The Porsche LMP2000 (codename Porsche 9R3) is a Le Mans Prototype racing car that was developed between 1998 and 2000, but never raced. One car was built, and it was designed around a modified version of Porsche's 3.5-litre V10 engine that was originally designed for Formula 1 in 1992. The project was canceled before the car was publicly unveiled, leading to various rumors about the reason for its demise.

==Design and development==
In 1998 Porsche designed a Le Mans Prototype for the following season, assigning it the codename 9R3. Porsche noted that "new regulations for Le Mans will give open sports cars a greater potential than a GT for an overall win" at Le Mans. The chassis was designed by Norbert Singer. It was initially to use a modified version of the turbocharged flat-six engine found in the Porsche 911 road car, but that engine was considered to be overweight and underpowered, as well as requiring extra cooling.

In November 1998, Porsche opted against building the car for 1999, announcing that they would return to Le Mans in 2000. Porsche instead redeveloped the 3.5-litre V10 engine that was originally developed in 1992 for Formula One team Footwork Arrows. The 3.5-litre V10 engine was redesigned to be 5.5-litres in capacity, and the pneumatic valve springs were removed, as the air restrictors mandated under LMP regulations made them redundant. The chassis was unaltered apart from suspension geometry for newer tires and the engine mountings to accommodate the new engine.

=== Cancellation ===
In May 1999 the project was halted by the Porsche board, but the chassis was allowed to be completed. A two-day private test at Weissach took place in November 1999, with the car driven by Allan McNish and Bob Wollek, who reportedly gave positive feedback. The car was then placed in storage. Despite photographs of the car at the test being leaked to the media, Porsche denied knowledge of the existence of the car.

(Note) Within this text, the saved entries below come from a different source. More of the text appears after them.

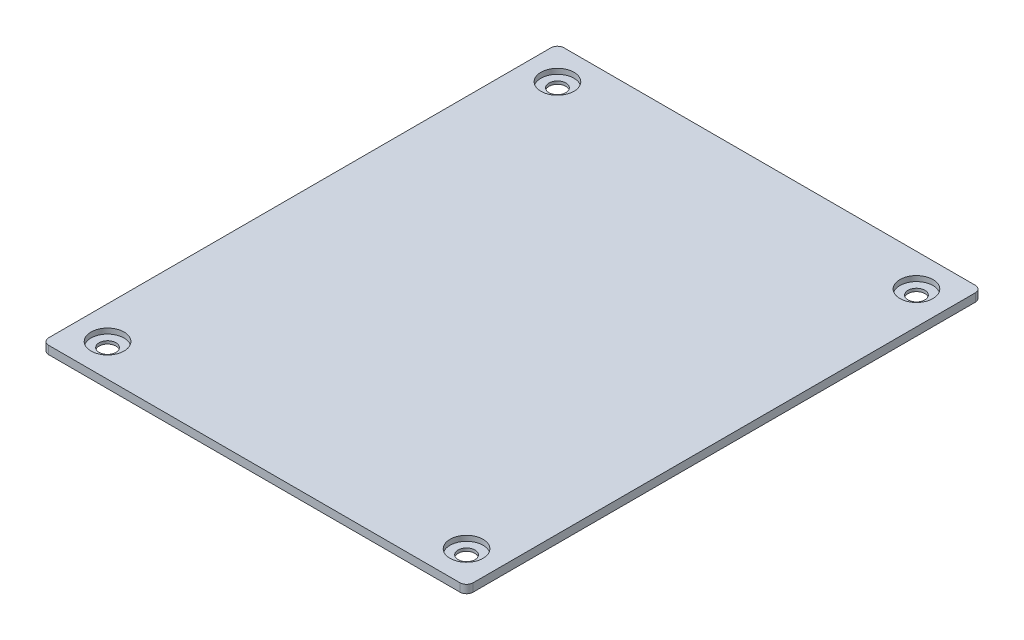
from build123d import *

# Parameters (mm, degrees)
SKETCH1_W                                        = 164.846
SKETCH1_H                                        = 200.152
BOSS_EXTRUDE1_DEPTH                              = 3.175
CBORE_FOR_1_4_SOCKET_HEAD_CAP_SCREW1_D           = 6.5278
CBORE_FOR_1_4_SOCKET_HEAD_CAP_SCREW1_CBORE_D     = 12.827
CBORE_FOR_1_4_SOCKET_HEAD_CAP_SCREW1_CBORE_DEPTH = 2.032
FILLET1_R                                        = 2.54


with BuildPart() as part:
    # Sketch1 → Boss-Extrude1 (new body)
    with BuildSketch(Plane(origin=(0, 0, 0), x_dir=(1, 0, 0), z_dir=(0, 1, 0))):
        Rectangle(SKETCH1_W, SKETCH1_H)
    extrude(amount=BOSS_EXTRUDE1_DEPTH)

    # CBORE for 1/4 Socket Head Cap Screw1 (through all)
    with Locations(Plane(origin=(0, 3.175, 0), x_dir=(-1, 0, 0), z_dir=(0, 1, 0))):
        with Locations((69.723, 87.376), (69.723, -87.376), (-69.723, 87.376), (-69.723, -87.376)):
            CounterBoreHole(CBORE_FOR_1_4_SOCKET_HEAD_CAP_SCREW1_D / 2, CBORE_FOR_1_4_SOCKET_HEAD_CAP_SCREW1_CBORE_D / 2, CBORE_FOR_1_4_SOCKET_HEAD_CAP_SCREW1_CBORE_DEPTH)

    # Fillet1
    fillet1_edges = [part.edges().sort_by_distance(p)[0] for p in [
        (82.423, 1.5875, 100.076),
        (-82.423, 1.5875, 100.076),
        (-82.423, 1.5875, -100.076),
        (82.423, 1.5875, -100.076),
    ]]
    fillet(fillet1_edges, radius=FILLET1_R)


solid = part.part
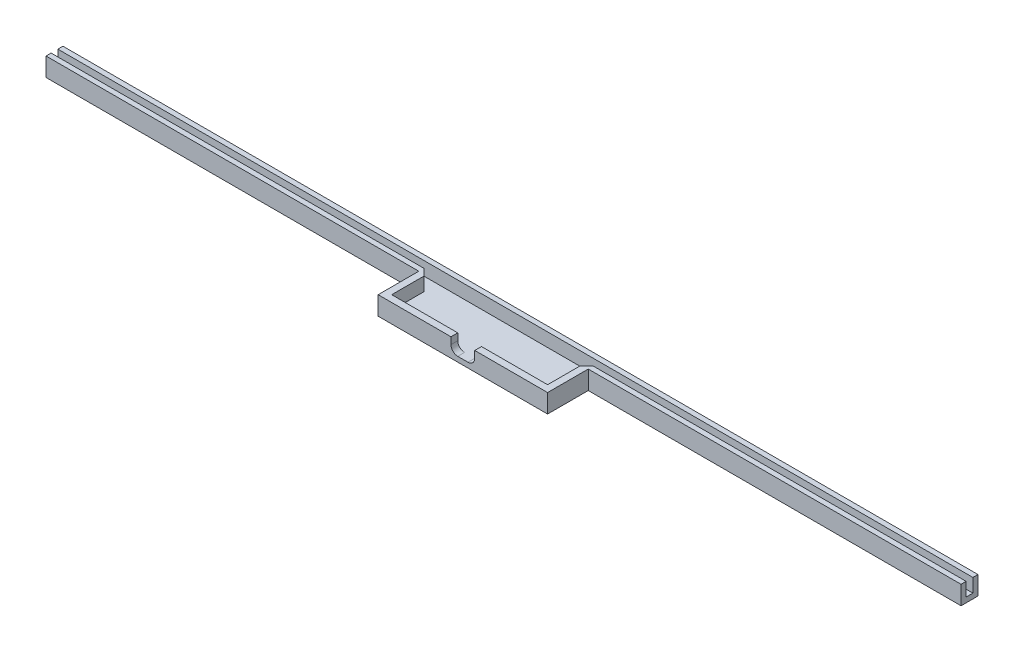
from build123d import *

# Parameters (mm, degrees)
BOSS_EXTRUDE1_DEPTH = 1.5
SKETCH3_W           = 270
SKETCH3_H           = 1.5
BOSS_EXTRUDE2_DEPTH = 4
SKETCH4_W           = 110
SKETCH4_H           = 1.5
BOSS_EXTRUDE3_DEPTH = 4
SKETCH6_W           = 2
SKETCH6_H           = 13.5
BOSS_EXTRUDE5_DEPTH = 4
SKETCH7_W           = 19.5
SKETCH7_H           = 2
BOSS_EXTRUDE6_DEPTH = 4
CHAMFER1_SIZE       = 2
FILLET1_R           = 2


with BuildPart() as part:
    # Sketch1 → Boss-Extrude1 (new body)
    with BuildSketch(Plane(origin=(0, 0, 0), x_dir=(1, 0, 0), z_dir=(0, 1, 0))):
        Polygon((25, 8.5), (135, 8.5), (135, 3.5), (25, 3.5), (25, -8.5), (-25, -8.5), (-25, 3.5), (-135, 3.5), (-135, 8.5), (-25, 8.5), align=None)
    extrude(amount=BOSS_EXTRUDE1_DEPTH)

    # Sketch3 → Boss-Extrude2 (add)
    with BuildSketch(Plane(origin=(0, 1.5, 0), x_dir=(1, 0, 0), z_dir=(0, 1, 0))):
        with Locations((0, 7.75)):
            Rectangle(SKETCH3_W, SKETCH3_H)
    boss_extrude2 = extrude(amount=BOSS_EXTRUDE2_DEPTH)

    # Sketch4 → Boss-Extrude3 (add)
    with BuildSketch(Plane(origin=(0, 1.5, 0), x_dir=(1, 0, 0), z_dir=(0, 1, 0))):
        with Locations((-80, 4.25)):
            Rectangle(SKETCH4_W, SKETCH4_H)
    boss_extrude3 = extrude(amount=BOSS_EXTRUDE3_DEPTH)

    # Mirror1: Boss-Extrude2, Boss-Extrude3 across plane
    add(boss_extrude2.mirror(Plane(origin=(0, 0, 0), x_dir=(0, 0, 1), z_dir=(1, 0, 0))))
    add(boss_extrude3.mirror(Plane(origin=(0, 0, 0), x_dir=(0, 0, 1), z_dir=(1, 0, 0))))

    # Sketch6 → Boss-Extrude5 (add)
    with BuildSketch(Plane(origin=(0, 1.5, 0), x_dir=(1, 0, 0), z_dir=(0, 1, 0))):
        with Locations((-24, -1.75)):
            Rectangle(SKETCH6_W, SKETCH6_H)
        with Locations((24, -1.75)):
            Rectangle(SKETCH6_W, SKETCH6_H)
    extrude(amount=BOSS_EXTRUDE5_DEPTH)

    # Sketch7 → Boss-Extrude6 (add)
    with BuildSketch(Plane(origin=(0, 1.5, 0), x_dir=(1, 0, 0), z_dir=(0, 1, 0))):
        with Locations((-13.25, -7.5)):
            Rectangle(SKETCH7_W, SKETCH7_H)
        with Locations((13.25, -7.5)):
            Rectangle(SKETCH7_W, SKETCH7_H)
    extrude(amount=BOSS_EXTRUDE6_DEPTH)

    # Chamfer1
    chamfer1_edges = [part.edges().sort_by_distance(p)[0] for p in [
        (-23, 3.5, -5),
        (23, 3.5, -5),
    ]]
    chamfer(chamfer1_edges, length=CHAMFER1_SIZE)

    # Fillet1
    fillet1_edges = [part.edges().sort_by_distance(p)[0] for p in [
        (-3.5, 1.5, 7.5),
        (3.5, 1.5, 7.5),
    ]]
    fillet(fillet1_edges, radius=FILLET1_R)


solid = part.part
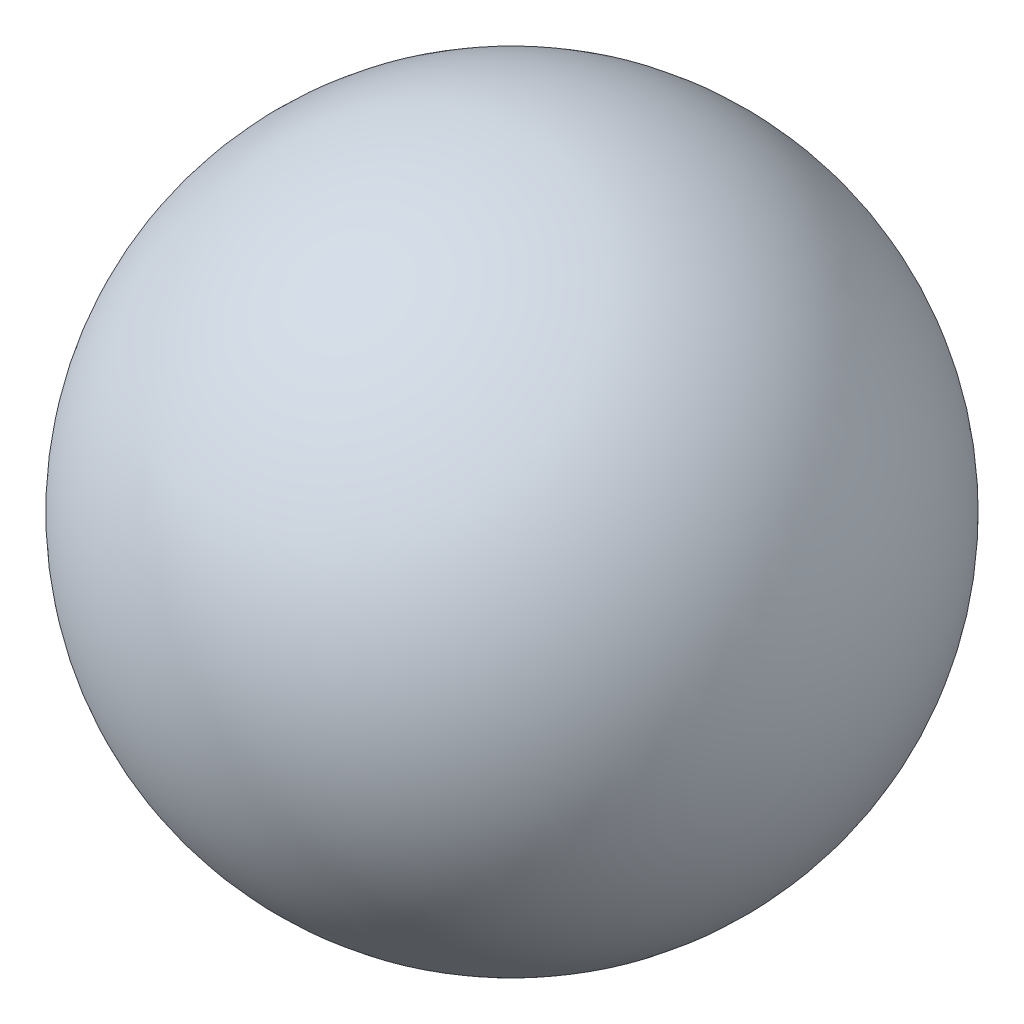
from build123d import *


with BuildPart() as part:
    # Sketch1 → Revolve2 (revolve)
    with BuildSketch(Plane.XY):
        with BuildLine():
            Line((0, 232.833333333), (0, 239.183333333))
            ThreePointArc((0, 239.183333333), (-82.55, 156.633333333), (0, 74.083333333))
            Line((0, 74.083333333), (0, 80.433333333))
            ThreePointArc((0, 80.433333333), (-76.2, 156.633333333), (0, 232.833333333))
        make_face()
    revolve(axis=Axis((0, 232.833333333, 0), (0, 1, 0)))


solid = part.part
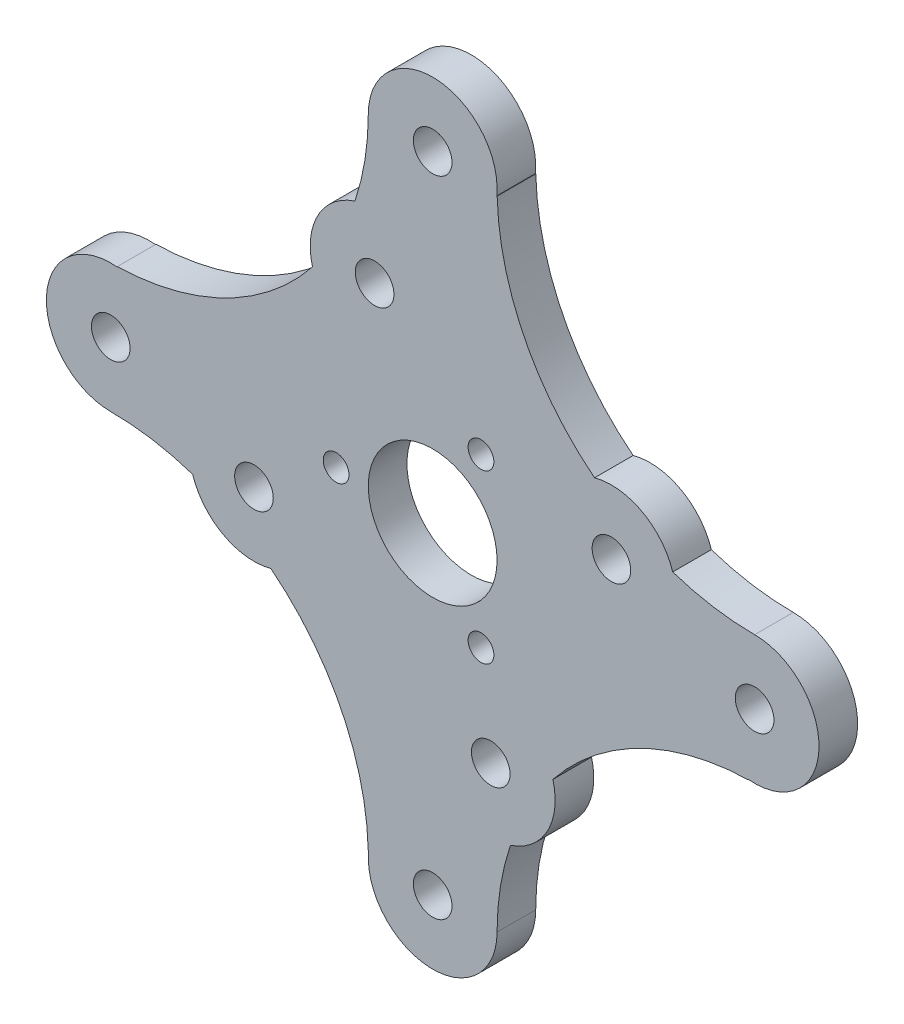
from build123d import *

# Parameters (mm, degrees)
CROQUIS1_R              = 1.5
CROQUIS1_R_2            = 5
SALIENTE_EXTRUIR1_DEPTH = 3
CROQUIS2_R              = 1
CORTAR_EXTRUIR2_DEPTH   = 43.532340636


with BuildPart() as part:
    # Croquis1 → Saliente-Extruir1 (new body)
    with BuildSketch(Plane.XY):
        with BuildLine():
            ThreePointArc((-5.006412365, -24.493587635), (-4.990675805, -24.496798873), (-4.974937186, -24.5))
            ThreePointArc((-4.974937186, -24.5), (-0.250313875, -29.993730366), (5, -25))
            ThreePointArc((5, -25), (5.261221354, -21.77810342), (6.038061758, -18.640369658))
            ThreePointArc((6.038061758, -18.640369658), (8.90430573, -16.264636165), (9.334316304, -12.56672391))
            ThreePointArc((9.334316304, -12.56672391), (16.073984628, -7.10233955), (24.493587635, -5.006412365))
            ThreePointArc((24.493587635, -5.006412365), (24.496798873, -4.990675805), (24.5, -4.974937186))
            ThreePointArc((24.5, -4.974937186), (29.993730366, -0.250313875), (25, 5))
            ThreePointArc((25, 5), (21.77810342, 5.261221354), (18.640369658, 6.038061758))
            ThreePointArc((18.640369658, 6.038061758), (16.264636165, 8.90430573), (12.56672391, 9.334316304))
            ThreePointArc((12.56672391, 9.334316304), (7.10233955, 16.073984628), (5.006412365, 24.493587635))
            ThreePointArc((5.006412365, 24.493587635), (4.990675805, 24.496798873), (4.974937186, 24.5))
            ThreePointArc((4.974937186, 24.5), (0.250313875, 29.993730366), (-5, 25))
            ThreePointArc((-5, 25), (-5.261221354, 21.77810342), (-6.038061758, 18.640369658))
            ThreePointArc((-6.038061758, 18.640369658), (-8.90430573, 16.264636165), (-9.334316304, 12.56672391))
            ThreePointArc((-9.334316304, 12.56672391), (-16.073984628, 7.10233955), (-24.493587635, 5.006412365))
            ThreePointArc((-24.493587635, 5.006412365), (-24.496798873, 4.990675805), (-24.5, 4.974937186))
            ThreePointArc((-24.5, 4.974937186), (-29.993730366, 0.250313875), (-25, -5))
            ThreePointArc((-25, -5), (-21.77810342, -5.261221354), (-18.640369658, -6.038061758))
            ThreePointArc((-18.640369658, -6.038061758), (-16.264636165, -8.90430573), (-12.56672391, -9.334316304))
            ThreePointArc((-12.56672391, -9.334316304), (-7.10233955, -16.073984628), (-5.006412365, -24.493587635))
        make_face()
        with Locations((-25, 0)):
            Circle(CROQUIS1_R, mode=Mode.SUBTRACT)
        with Locations((0, -25)):
            Circle(CROQUIS1_R, mode=Mode.SUBTRACT)
        with Locations((4.50977544, -13.879661629)):
            Circle(CROQUIS1_R, mode=Mode.SUBTRACT)
        with Locations((0, 25)):
            Circle(CROQUIS1_R, mode=Mode.SUBTRACT)
        with Locations((13.879661629, 4.50977544)):
            Circle(CROQUIS1_R, mode=Mode.SUBTRACT)
        with Locations((25, 0)):
            Circle(CROQUIS1_R, mode=Mode.SUBTRACT)
        with Locations((-4.50977544, 13.879661629)):
            Circle(CROQUIS1_R, mode=Mode.SUBTRACT)
        with Locations((-13.879661629, -4.50977544)):
            Circle(CROQUIS1_R, mode=Mode.SUBTRACT)
        Circle(CROQUIS1_R_2, mode=Mode.SUBTRACT)
    extrude(amount=SALIENTE_EXTRUIR1_DEPTH)

    # Croquis2 → Cortar-Extruir2 (cut, through all)
    with BuildSketch(Plane.XY.offset(3)):
        with Locations((3.75, 6.495190528)):
            Circle(CROQUIS2_R)
        with Locations((3.75, -6.495190528)):
            Circle(CROQUIS2_R)
        with Locations((-7.5, 0)):
            Circle(CROQUIS2_R)
    extrude(amount=-CORTAR_EXTRUIR2_DEPTH, mode=Mode.SUBTRACT)


solid = part.part

Rumours subsequently circulated about the cancellation of the project. These included an agreement between Porsche CEO Wendelin Wiedeking and Volkswagen Group chairman Ferdinand Piëch to co-operate on a new SUV project (which became the Porsche Cayenne and Volkswagen Touareg). The agreement allegedly included Porsche withdrawing from Le Mans competition, avoiding a competition with its Audi R8 stablemate that later won the 2000 24 Hours of Le Mans. Others noted insufficient competition after the withdrawal of BMW, Toyota, Nissan and Mercedes-Benz.

Some have noted that the cancellation of the LMP 2000 was positive for Porsche in the long run, given the profit margins and market share from building SUVs. Porsche sales have risen from around 50,000 a year in 2002, to over 300,000 in 2022 – with nearly 190,000 being SUVs.

Following the shutdown of the project, engineers were subsequently diverted to the Porsche Cayenne SUV project. The Porsche V10 engine from the car was used in the Porsche Carrera GT concept car and was retuned for the production version.

In July 2018, the car was exhibited in public for the first time at the Goodwood Festival of Speed, as part of the 70th anniversary celebrations of Porsche. In 2024, Porsche Museum restored the car to working order to celebrate 25 years. A rollout for the car took place in October 2024, once again driven by Allan McNish.